Shareholders approve Zenith Bank HoldCo structure transition

The shareholders of Zenith Bank Plc have unanimously approved the restructuring of the bank to a holding company.

The approval was secured during a court-ordered Extraordinary General Meeting (EGM).

The meeting held virtually at the weekend from Zenith Heights, Zenith Bank Plc, Victoria Island, Lagos.

In accordance with the Scheme of Arrangement, dated March 28, pursuant to Section 715 of the Companies and Allied Matters Act (CAMA), 2020 between the bank and the holders of the fully paid ordinary shares of 50 Kobo each in the bank, the shareholders voted to transfer 31,396,493,787 ordinary shares of 50 kobo each held in the issued and paid-up share capital of Zenith Bank Plc. to Zenith Bank Holding Company Plc. (the HoldCo).

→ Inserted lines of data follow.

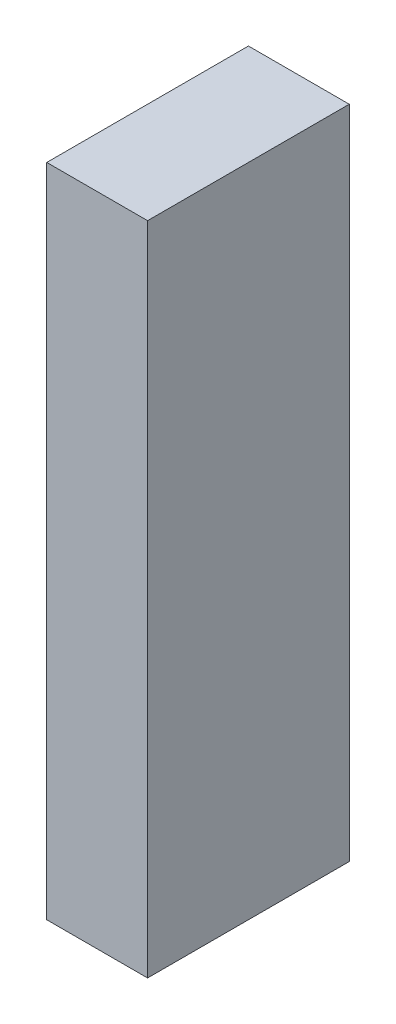
ISO-10303-21;
HEADER;
FILE_DESCRIPTION(('STEP AP214'),'2;1');
FILE_NAME('part.step','',(''),(''),'','','');
FILE_SCHEMA(('AUTOMOTIVE_DESIGN { 1 0 10303 214 1 1 1 1 }'));
ENDSEC;
DATA;
#1=APPLICATION_CONTEXT('core data for automotive mechanical design processes');
#2=APPLICATION_PROTOCOL_DEFINITION('international standard','automotive_design',2000,#1);
#3=PRODUCT_CONTEXT('',#1,'mechanical');
#4=PRODUCT('Part','Part','',(#3));
#5=PRODUCT_RELATED_PRODUCT_CATEGORY('part','',(#4));
#6=PRODUCT_DEFINITION_FORMATION('','',#4);
#7=PRODUCT_DEFINITION_CONTEXT('part definition',#1,'design');
#8=PRODUCT_DEFINITION('design','',#6,#7);
#9=PRODUCT_DEFINITION_SHAPE('','',#8);
#10=(LENGTH_UNIT() NAMED_UNIT(*) SI_UNIT(.MILLI.,.METRE.));
#11=(NAMED_UNIT(*) PLANE_ANGLE_UNIT() SI_UNIT($,.RADIAN.));
#12=(NAMED_UNIT(*) SI_UNIT($,.STERADIAN.) SOLID_ANGLE_UNIT());
#13=UNCERTAINTY_MEASURE_WITH_UNIT(LENGTH_MEASURE(1.E-05),#10,'distance_accuracy_value','');
#14=(GEOMETRIC_REPRESENTATION_CONTEXT(3) GLOBAL_UNCERTAINTY_ASSIGNED_CONTEXT((#13)) GLOBAL_UNIT_ASSIGNED_CONTEXT((#10,
#11,#12)) REPRESENTATION_CONTEXT('',''));
#15=CARTESIAN_POINT('',(0.,0.,0.));
#16=DIRECTION('',(0.,0.,1.));
#17=DIRECTION('',(1.,0.,0.));
#18=AXIS2_PLACEMENT_3D('',#15,#16,#17);
#19=CARTESIAN_POINT('',(47.8538595656998,68.1821352510018,20.));
#20=DIRECTION('',(0.,1.,0.));
#21=DIRECTION('',(0.,0.,1.));
#22=AXIS2_PLACEMENT_3D('',#19,#20,#21);
#23=PLANE('',#22);
#24=DIRECTION('',(1.,0.,0.));
#25=VECTOR('',#24,1.);
#26=CARTESIAN_POINT('',(47.8538595656998,68.1821352510018,0.));
#27=LINE('',#26,#25);
#28=CARTESIAN_POINT('',(47.8538595656998,68.1821352510018,0.));
#29=VERTEX_POINT('',#28);
#30=CARTESIAN_POINT('',(57.8538595656998,68.1821352510018,0.));
#31=VERTEX_POINT('',#30);
#32=EDGE_CURVE('E99',#29,#31,#27,.T.);
#33=ORIENTED_EDGE('',*,*,#32,.T.);
#34=DIRECTION('',(0.,0.,-1.));
#35=VECTOR('',#34,1.);
#36=CARTESIAN_POINT('',(57.8538595656998,68.1821352510018,20.));
#37=LINE('',#36,#35);
#38=CARTESIAN_POINT('',(57.8538595656998,68.1821352510018,20.));
#39=VERTEX_POINT('',#38);
#40=EDGE_CURVE('E11',#39,#31,#37,.T.);
#41=ORIENTED_EDGE('',*,*,#40,.F.);
#42=DIRECTION('',(1.,0.,0.));
#43=VECTOR('',#42,1.);
#44=CARTESIAN_POINT('',(47.8538595656998,68.1821352510018,20.));
#45=LINE('',#44,#43);
#46=CARTESIAN_POINT('',(47.8538595656998,68.1821352510018,20.));
#47=VERTEX_POINT('',#46);
#48=EDGE_CURVE('E87',#47,#39,#45,.T.);
#49=ORIENTED_EDGE('',*,*,#48,.F.);
#50=DIRECTION('',(0.,0.,-1.));
#51=VECTOR('',#50,1.);
#52=CARTESIAN_POINT('',(47.8538595656998,68.1821352510018,20.));
#53=LINE('',#52,#51);
#54=EDGE_CURVE('E95',#47,#29,#53,.T.);
#55=ORIENTED_EDGE('',*,*,#54,.T.);
#56=EDGE_LOOP('',(#33,#41,#49,#55));
#57=FACE_BOUND('',#56,.T.);
#58=ADVANCED_FACE('F36',(#57),#23,.F.);
#59=CARTESIAN_POINT('',(57.8538595656998,68.1821352510018,20.));
#60=DIRECTION('',(-1.,0.,0.));
#61=DIRECTION('',(0.,0.,1.));
#62=AXIS2_PLACEMENT_3D('',#59,#60,#61);
#63=PLANE('',#62);
#64=DIRECTION('',(0.,1.,0.));
#65=VECTOR('',#64,1.);
#66=CARTESIAN_POINT('',(57.8538595656998,68.1821352510018,0.));
#67=LINE('',#66,#65);
#68=CARTESIAN_POINT('',(57.8538595656998,133.228481613816,0.));
#69=VERTEX_POINT('',#68);
#70=EDGE_CURVE('E91',#31,#69,#67,.T.);
#71=ORIENTED_EDGE('',*,*,#70,.T.);
#72=DIRECTION('',(0.,0.,-1.));
#73=VECTOR('',#72,1.);
#74=CARTESIAN_POINT('',(57.8538595656998,133.228481613816,20.));
#75=LINE('',#74,#73);
#76=CARTESIAN_POINT('',(57.8538595656998,133.228481613816,20.));
#77=VERTEX_POINT('',#76);
#78=EDGE_CURVE('E44',#77,#69,#75,.T.);
#79=ORIENTED_EDGE('',*,*,#78,.F.);
#80=DIRECTION('',(0.,1.,0.));
#81=VECTOR('',#80,1.);
#82=CARTESIAN_POINT('',(57.8538595656998,68.1821352510018,20.));
#83=LINE('',#82,#81);
#84=EDGE_CURVE('E82',#39,#77,#83,.T.);
#85=ORIENTED_EDGE('',*,*,#84,.F.);
#86=ORIENTED_EDGE('',*,*,#40,.T.);
#87=EDGE_LOOP('',(#71,#79,#85,#86));
#88=FACE_BOUND('',#87,.T.);
#89=ADVANCED_FACE('F90',(#88),#63,.F.);
#90=CARTESIAN_POINT('',(57.8538595656998,133.228481613816,20.));
#91=DIRECTION('',(0.,-1.,0.));
#92=DIRECTION('',(0.,0.,-1.));
#93=AXIS2_PLACEMENT_3D('',#90,#91,#92);
#94=PLANE('',#93);
#95=DIRECTION('',(-1.,0.,0.));
#96=VECTOR('',#95,1.);
#97=CARTESIAN_POINT('',(57.8538595656998,133.228481613816,0.));
#98=LINE('',#97,#96);
#99=CARTESIAN_POINT('',(47.8538595656998,133.228481613816,0.));
#100=VERTEX_POINT('',#99);
#101=EDGE_CURVE('E69',#69,#100,#98,.T.);
#102=ORIENTED_EDGE('',*,*,#101,.T.);
#103=DIRECTION('',(0.,0.,-1.));
#104=VECTOR('',#103,1.);
#105=CARTESIAN_POINT('',(47.8538595656998,133.228481613816,20.));
#106=LINE('',#105,#104);
#107=CARTESIAN_POINT('',(47.8538595656998,133.228481613816,20.));
#108=VERTEX_POINT('',#107);
#109=EDGE_CURVE('E92',#108,#100,#106,.T.);
#110=ORIENTED_EDGE('',*,*,#109,.F.);
#111=DIRECTION('',(-1.,0.,0.));
#112=VECTOR('',#111,1.);
#113=CARTESIAN_POINT('',(57.8538595656998,133.228481613816,20.));
#114=LINE('',#113,#112);
#115=EDGE_CURVE('E85',#77,#108,#114,.T.);
#116=ORIENTED_EDGE('',*,*,#115,.F.);
#117=ORIENTED_EDGE('',*,*,#78,.T.);
#118=EDGE_LOOP('',(#102,#110,#116,#117));
#119=FACE_BOUND('',#118,.T.);
#120=ADVANCED_FACE('F93',(#119),#94,.F.);
#121=CARTESIAN_POINT('',(47.8538595656998,133.228481613816,20.));
#122=DIRECTION('',(1.,0.,0.));
#123=DIRECTION('',(0.,0.,-1.));
#124=AXIS2_PLACEMENT_3D('',#121,#122,#123);
#125=PLANE('',#124);
#126=DIRECTION('',(0.,-1.,0.));
#127=VECTOR('',#126,1.);
#128=CARTESIAN_POINT('',(47.8538595656998,133.228481613816,0.));
#129=LINE('',#128,#127);
#130=EDGE_CURVE('E75',#100,#29,#129,.T.);
#131=ORIENTED_EDGE('',*,*,#130,.T.);
#132=ORIENTED_EDGE('',*,*,#54,.F.);
#133=DIRECTION('',(0.,-1.,0.));
#134=VECTOR('',#133,1.);
#135=CARTESIAN_POINT('',(47.8538595656998,133.228481613816,20.));
#136=LINE('',#135,#134);
#137=EDGE_CURVE('E52',#108,#47,#136,.T.);
#138=ORIENTED_EDGE('',*,*,#137,.F.);
#139=ORIENTED_EDGE('',*,*,#109,.T.);
#140=EDGE_LOOP('',(#131,#132,#138,#139));
#141=FACE_BOUND('',#140,.T.);
#142=ADVANCED_FACE('F106',(#141),#125,.F.);
#143=CARTESIAN_POINT('',(0.,0.,20.));
#144=DIRECTION('',(0.,0.,1.));
#145=DIRECTION('',(1.,0.,0.));
#146=AXIS2_PLACEMENT_3D('',#143,#144,#145);
#147=PLANE('',#146);
#148=ORIENTED_EDGE('',*,*,#48,.T.);
#149=ORIENTED_EDGE('',*,*,#84,.T.);
#150=ORIENTED_EDGE('',*,*,#115,.T.);
#151=ORIENTED_EDGE('',*,*,#137,.T.);
#152=EDGE_LOOP('',(#148,#149,#150,#151));
#153=FACE_BOUND('',#152,.T.);
#154=ADVANCED_FACE('F83',(#153),#147,.T.);
#155=CARTESIAN_POINT('',(0.,0.,0.));
#156=DIRECTION('',(0.,0.,1.));
#157=DIRECTION('',(1.,0.,0.));
#158=AXIS2_PLACEMENT_3D('',#155,#156,#157);
#159=PLANE('',#158);
#160=ORIENTED_EDGE('',*,*,#32,.F.);
#161=ORIENTED_EDGE('',*,*,#130,.F.);
#162=ORIENTED_EDGE('',*,*,#101,.F.);
#163=ORIENTED_EDGE('',*,*,#70,.F.);
#164=EDGE_LOOP('',(#160,#161,#162,#163));
#165=FACE_BOUND('',#164,.T.);
#166=ADVANCED_FACE('F109',(#165),#159,.F.);
#167=CLOSED_SHELL('',(#58,#89,#120,#142,#154,#166));
#168=MANIFOLD_SOLID_BREP('B2',#167);
#169=ADVANCED_BREP_SHAPE_REPRESENTATION('',(#18,#168),#14);
#170=SHAPE_DEFINITION_REPRESENTATION(#9,#169);
ENDSEC;
END-ISO-10303-21;
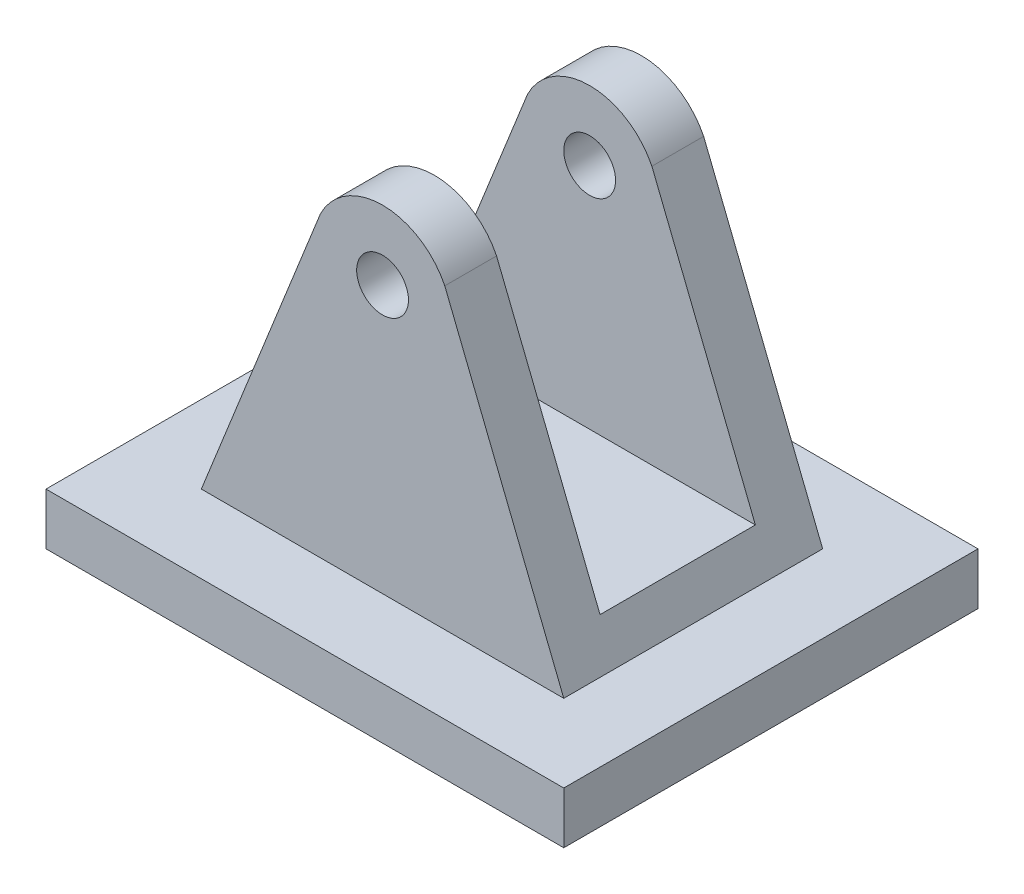
ISO-10303-21;
HEADER;
FILE_DESCRIPTION(('STEP AP214'),'2;1');
FILE_NAME('part.step','',(''),(''),'','','');
FILE_SCHEMA(('AUTOMOTIVE_DESIGN { 1 0 10303 214 1 1 1 1 }'));
ENDSEC;
DATA;
#1=APPLICATION_CONTEXT('core data for automotive mechanical design processes');
#2=APPLICATION_PROTOCOL_DEFINITION('international standard','automotive_design',2000,#1);
#3=PRODUCT_CONTEXT('',#1,'mechanical');
#4=PRODUCT('Part','Part','',(#3));
#5=PRODUCT_RELATED_PRODUCT_CATEGORY('part','',(#4));
#6=PRODUCT_DEFINITION_FORMATION('','',#4);
#7=PRODUCT_DEFINITION_CONTEXT('part definition',#1,'design');
#8=PRODUCT_DEFINITION('design','',#6,#7);
#9=PRODUCT_DEFINITION_SHAPE('','',#8);
#10=(LENGTH_UNIT() NAMED_UNIT(*) SI_UNIT(.MILLI.,.METRE.));
#11=(NAMED_UNIT(*) PLANE_ANGLE_UNIT() SI_UNIT($,.RADIAN.));
#12=(NAMED_UNIT(*) SI_UNIT($,.STERADIAN.) SOLID_ANGLE_UNIT());
#13=UNCERTAINTY_MEASURE_WITH_UNIT(LENGTH_MEASURE(1.E-05),#10,'distance_accuracy_value','');
#14=(GEOMETRIC_REPRESENTATION_CONTEXT(3) GLOBAL_UNCERTAINTY_ASSIGNED_CONTEXT((#13)) GLOBAL_UNIT_ASSIGNED_CONTEXT((#10,
#11,#12)) REPRESENTATION_CONTEXT('',''));
#15=CARTESIAN_POINT('',(0.,0.,0.));
#16=DIRECTION('',(0.,0.,1.));
#17=DIRECTION('',(1.,0.,0.));
#18=AXIS2_PLACEMENT_3D('',#15,#16,#17);
#19=CARTESIAN_POINT('',(-54.281045751634,75.,28.0718954248366));
#20=DIRECTION('',(0.,0.,-1.));
#21=DIRECTION('',(-1.,0.,0.));
#22=AXIS2_PLACEMENT_3D('',#19,#20,#21);
#23=PLANE('',#22);
#24=DIRECTION('',(-0.371153744479045,0.928571428571429,0.));
#25=VECTOR('',#24,1.);
#26=CARTESIAN_POINT('',(17.0000157292129,6.79497483980002,28.0718954248366));
#27=LINE('',#26,#25);
#28=CARTESIAN_POINT('',(15.718954248366,9.99999999999999,28.0718954248366));
#29=VERTEX_POINT('',#28);
#30=CARTESIAN_POINT('',(-7.26449090351148,67.5011590631464,28.0718954248366));
#31=VERTEX_POINT('',#30);
#32=EDGE_CURVE('E210',#29,#31,#27,.T.);
#33=ORIENTED_EDGE('',*,*,#32,.T.);
#34=CARTESIAN_POINT('',(-19.281045751634,61.6225855766485,28.0718954248366));
#35=DIRECTION('',(0.,0.,1.));
#36=DIRECTION('',(1.,0.,0.));
#37=AXIS2_PLACEMENT_3D('',#34,#35,#36);
#38=CIRCLE('',#37,13.3774144233515);
#39=CARTESIAN_POINT('',(-31.2976005997565,67.5011590631464,28.0718954248366));
#40=VERTEX_POINT('',#39);
#41=EDGE_CURVE('E197',#40,#31,#38,.F.);
#42=ORIENTED_EDGE('',*,*,#41,.F.);
#43=DIRECTION('',(0.371153744479045,0.928571428571429,0.));
#44=VECTOR('',#43,1.);
#45=CARTESIAN_POINT('',(-50.2499823825408,20.0851205921543,28.0718954248366));
#46=LINE('',#45,#44);
#47=CARTESIAN_POINT('',(-54.281045751634,9.99999999999999,28.0718954248366));
#48=VERTEX_POINT('',#47);
#49=EDGE_CURVE('E205',#48,#40,#46,.T.);
#50=ORIENTED_EDGE('',*,*,#49,.F.);
#51=DIRECTION('',(1.,0.,0.));
#52=VECTOR('',#51,1.);
#53=CARTESIAN_POINT('',(-54.281045751634,10.,28.0718954248366));
#54=LINE('',#53,#52);
#55=EDGE_CURVE('E219',#48,#29,#54,.T.);
#56=ORIENTED_EDGE('',*,*,#55,.T.);
#57=EDGE_LOOP('',(#33,#42,#50,#56));
#58=FACE_BOUND('',#57,.T.);
#59=CARTESIAN_POINT('',(-19.281045751634,61.6225855766485,28.0718954248366));
#60=DIRECTION('',(0.,0.,1.));
#61=DIRECTION('',(1.,0.,0.));
#62=AXIS2_PLACEMENT_3D('',#59,#60,#61);
#63=CIRCLE('',#62,5.);
#64=CARTESIAN_POINT('',(-14.281045751634,61.6225855766485,28.0718954248366));
#65=VERTEX_POINT('',#64);
#66=EDGE_CURVE('E221',#65,#65,#63,.T.);
#67=ORIENTED_EDGE('',*,*,#66,.F.);
#68=EDGE_LOOP('',(#67));
#69=FACE_BOUND('',#68,.T.);
#70=ADVANCED_FACE('F96',(#58,#69),#23,.F.);
#71=CARTESIAN_POINT('',(-54.281045751634,75.,-21.9281045751634));
#72=DIRECTION('',(0.,0.,1.));
#73=DIRECTION('',(1.,0.,0.));
#74=AXIS2_PLACEMENT_3D('',#71,#72,#73);
#75=PLANE('',#74);
#76=DIRECTION('',(-0.371153744479045,0.928571428571429,0.));
#77=VECTOR('',#76,1.);
#78=CARTESIAN_POINT('',(-16.3256824719764,90.1709117584849,-21.9281045751634));
#79=LINE('',#78,#77);
#80=CARTESIAN_POINT('',(15.718954248366,9.99999999999999,-21.9281045751634));
#81=VERTEX_POINT('',#80);
#82=CARTESIAN_POINT('',(-7.26449090351148,67.5011590631464,-21.9281045751634));
#83=VERTEX_POINT('',#82);
#84=EDGE_CURVE('E233',#81,#83,#79,.T.);
#85=ORIENTED_EDGE('',*,*,#84,.F.);
#86=DIRECTION('',(-1.,0.,0.));
#87=VECTOR('',#86,1.);
#88=CARTESIAN_POINT('',(-54.281045751634,10.,-21.9281045751634));
#89=LINE('',#88,#87);
#90=CARTESIAN_POINT('',(-54.281045751634,9.99999999999999,-21.9281045751634));
#91=VERTEX_POINT('',#90);
#92=EDGE_CURVE('E284',#81,#91,#89,.T.);
#93=ORIENTED_EDGE('',*,*,#92,.T.);
#94=DIRECTION('',(0.371153744479045,0.928571428571429,0.));
#95=VECTOR('',#94,1.);
#96=CARTESIAN_POINT('',(-31.8792661741488,66.0459183673469,-21.9281045751634));
#97=LINE('',#96,#95);
#98=CARTESIAN_POINT('',(-31.2976005997565,67.5011590631464,-21.9281045751634));
#99=VERTEX_POINT('',#98);
#100=EDGE_CURVE('E257',#91,#99,#97,.T.);
#101=ORIENTED_EDGE('',*,*,#100,.T.);
#102=CARTESIAN_POINT('',(-19.281045751634,61.6225855766485,-21.9281045751634));
#103=DIRECTION('',(0.,0.,1.));
#104=DIRECTION('',(1.,0.,0.));
#105=AXIS2_PLACEMENT_3D('',#102,#103,#104);
#106=CIRCLE('',#105,13.3774144233515);
#107=EDGE_CURVE('E265',#99,#83,#106,.F.);
#108=ORIENTED_EDGE('',*,*,#107,.T.);
#109=EDGE_LOOP('',(#85,#93,#101,#108));
#110=FACE_BOUND('',#109,.T.);
#111=CARTESIAN_POINT('',(-19.281045751634,61.6225855766485,-21.9281045751634));
#112=DIRECTION('',(0.,0.,1.));
#113=DIRECTION('',(1.,0.,0.));
#114=AXIS2_PLACEMENT_3D('',#111,#112,#113);
#115=CIRCLE('',#114,5.);
#116=CARTESIAN_POINT('',(-14.281045751634,61.6225855766485,-21.9281045751634));
#117=VERTEX_POINT('',#116);
#118=EDGE_CURVE('E240',#117,#117,#115,.T.);
#119=ORIENTED_EDGE('',*,*,#118,.T.);
#120=EDGE_LOOP('',(#119));
#121=FACE_BOUND('',#120,.T.);
#122=ADVANCED_FACE('F354',(#110,#121),#75,.F.);
#123=CARTESIAN_POINT('',(-78.281045751634,17.5,-11.9281045751634));
#124=DIRECTION('',(0.,-1.,0.));
#125=DIRECTION('',(0.,0.,-1.));
#126=AXIS2_PLACEMENT_3D('',#123,#124,#125);
#127=PLANE('',#126);
#128=DIRECTION('',(0.,0.,1.));
#129=VECTOR('',#128,1.);
#130=CARTESIAN_POINT('',(12.7211740044968,17.5,-11.9281045751634));
#131=LINE('',#130,#129);
#132=CARTESIAN_POINT('',(12.7211740044968,17.5,-11.9281045751634));
#133=VERTEX_POINT('',#132);
#134=CARTESIAN_POINT('',(12.7211740044968,17.5,18.0718954248366));
#135=VERTEX_POINT('',#134);
#136=EDGE_CURVE('E227',#133,#135,#131,.T.);
#137=ORIENTED_EDGE('',*,*,#136,.F.);
#138=DIRECTION('',(1.,0.,0.));
#139=VECTOR('',#138,1.);
#140=CARTESIAN_POINT('',(-78.281045751634,17.5,-11.9281045751634));
#141=LINE('',#140,#139);
#142=CARTESIAN_POINT('',(-51.2832655077648,17.5,-11.9281045751634));
#143=VERTEX_POINT('',#142);
#144=EDGE_CURVE('E269',#143,#133,#141,.T.);
#145=ORIENTED_EDGE('',*,*,#144,.F.);
#146=DIRECTION('',(0.,0.,1.));
#147=VECTOR('',#146,1.);
#148=CARTESIAN_POINT('',(-51.2832655077648,17.5,-11.9281045751634));
#149=LINE('',#148,#147);
#150=CARTESIAN_POINT('',(-51.2832655077648,17.5,18.0718954248366));
#151=VERTEX_POINT('',#150);
#152=EDGE_CURVE('E249',#143,#151,#149,.T.);
#153=ORIENTED_EDGE('',*,*,#152,.T.);
#154=DIRECTION('',(1.,0.,0.));
#155=VECTOR('',#154,1.);
#156=CARTESIAN_POINT('',(-78.281045751634,17.5,18.0718954248366));
#157=LINE('',#156,#155);
#158=EDGE_CURVE('E268',#151,#135,#157,.T.);
#159=ORIENTED_EDGE('',*,*,#158,.T.);
#160=EDGE_LOOP('',(#137,#145,#153,#159));
#161=FACE_BOUND('',#160,.T.);
#162=ADVANCED_FACE('F336',(#161),#127,.F.);
#163=CARTESIAN_POINT('',(-78.281045751634,67.5,-11.9281045751634));
#164=DIRECTION('',(0.,0.,-1.));
#165=DIRECTION('',(0.,1.,0.));
#166=AXIS2_PLACEMENT_3D('',#163,#164,#165);
#167=PLANE('',#166);
#168=DIRECTION('',(0.371153744479045,-0.928571428571429,0.));
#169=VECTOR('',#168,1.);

The shares transfer will be in exchange for the allotment of 31,396,493,787 ordinary shares of 50 kobo each in the share capital of the HoldCo in the same proportion to their shareholding in the bank.

Similarly, the shareholders approved that each Existing GDR Holder receive, as consideration for each existing GDR held, one new HoldCo GDR.

The shareholders also approved that all of the shares held by the nominees of the bank in Zenpay Limited, a direct subsidiary of the HoldCo, together with all rights and liabilities attached to such shares, be transferred to the HoldCo.

The Board of Directors (BoD) was also authorised to delist the shares of the bank and the Existing GDRs from the Nigerian Exchange and the London Stock Exchange respectively, as well as re-register the bank as a private limited company under CAMA Act 2020.